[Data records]

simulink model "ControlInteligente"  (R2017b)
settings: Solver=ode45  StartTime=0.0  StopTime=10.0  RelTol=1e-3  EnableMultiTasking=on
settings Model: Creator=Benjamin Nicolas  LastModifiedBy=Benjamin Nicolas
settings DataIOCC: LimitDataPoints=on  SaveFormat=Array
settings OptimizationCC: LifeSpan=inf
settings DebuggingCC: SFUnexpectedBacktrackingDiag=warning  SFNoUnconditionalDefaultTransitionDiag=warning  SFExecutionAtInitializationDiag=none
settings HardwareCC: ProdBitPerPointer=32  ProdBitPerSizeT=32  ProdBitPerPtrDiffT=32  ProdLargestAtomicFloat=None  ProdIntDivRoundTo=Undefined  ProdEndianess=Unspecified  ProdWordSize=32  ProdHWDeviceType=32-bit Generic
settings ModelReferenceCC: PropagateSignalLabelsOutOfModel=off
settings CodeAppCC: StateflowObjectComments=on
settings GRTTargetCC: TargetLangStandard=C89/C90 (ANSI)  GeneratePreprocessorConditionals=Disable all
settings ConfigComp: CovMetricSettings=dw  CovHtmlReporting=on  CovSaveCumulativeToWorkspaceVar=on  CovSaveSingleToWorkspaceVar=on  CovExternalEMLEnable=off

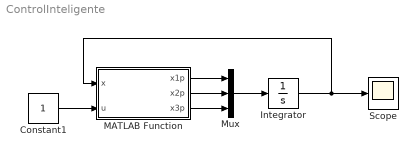
== system ControlInteligente ==
  Constant1 : Constant
  Integrator : Integrator
  MATLAB Function : MATLAB Function  TreatAsAtomicUnit=on
  Mux : Mux  Inputs=3
  Scope : Scope
  wires:
  Integrator/1 -> Scope/1, MATLAB Function/1(x)
  Constant1/1 -> MATLAB Function/2(u)
  Mux/1 -> Integrator/1
  MATLAB Function/1(x1p) -> Mux/1
  MATLAB Function/2(x2p) -> Mux/2
  MATLAB Function/3(x3p) -> Mux/3

== matlab function ControlInteligente/MATLAB Function ==
  data: x input; u input; x1p output; x2p output; x3p output
function [x1p,x2p,x3p] = SystemG(x,u)
    %Constantes
    Ra = 1.3;   m = 0.13;
    kemf = 0.7; La = 0.001;
    l = 0.2;    g = 9.81;
    %Variables
    x1 = x(1);
    x2 = x(2);
    x3 = ((m*l*g)/kemf)*sin(x(1));
    x1p = x2
    x2p = (g/l)*sin(x1)-(kemf/m*l^2)*x3
    x3p = -(Ra/La)*x3-(kemf/La)*x2+(1/La)*u
%     i= [x2;;]

▶ Work task
From the line that contains "function [x1p,x2p,x3p] = SystemG(x,u)" to the last line of the data, write out each line exactly and add nothing.

▶ Result
function [x1p,x2p,x3p] = SystemG(x,u)
    %Constantes
    Ra = 1.3;   m = 0.13;
    kemf = 0.7; La = 0.001;
    l = 0.2;    g = 9.81;
    %Variables
    x1 = x(1);
    x2 = x(2);
    x3 = ((m*l*g)/kemf)*sin(x(1));
    x1p = x2
    x2p = (g/l)*sin(x1)-(kemf/m*l^2)*x3
    x3p = -(Ra/La)*x3-(kemf/La)*x2+(1/La)*u
%     i= [x2;;]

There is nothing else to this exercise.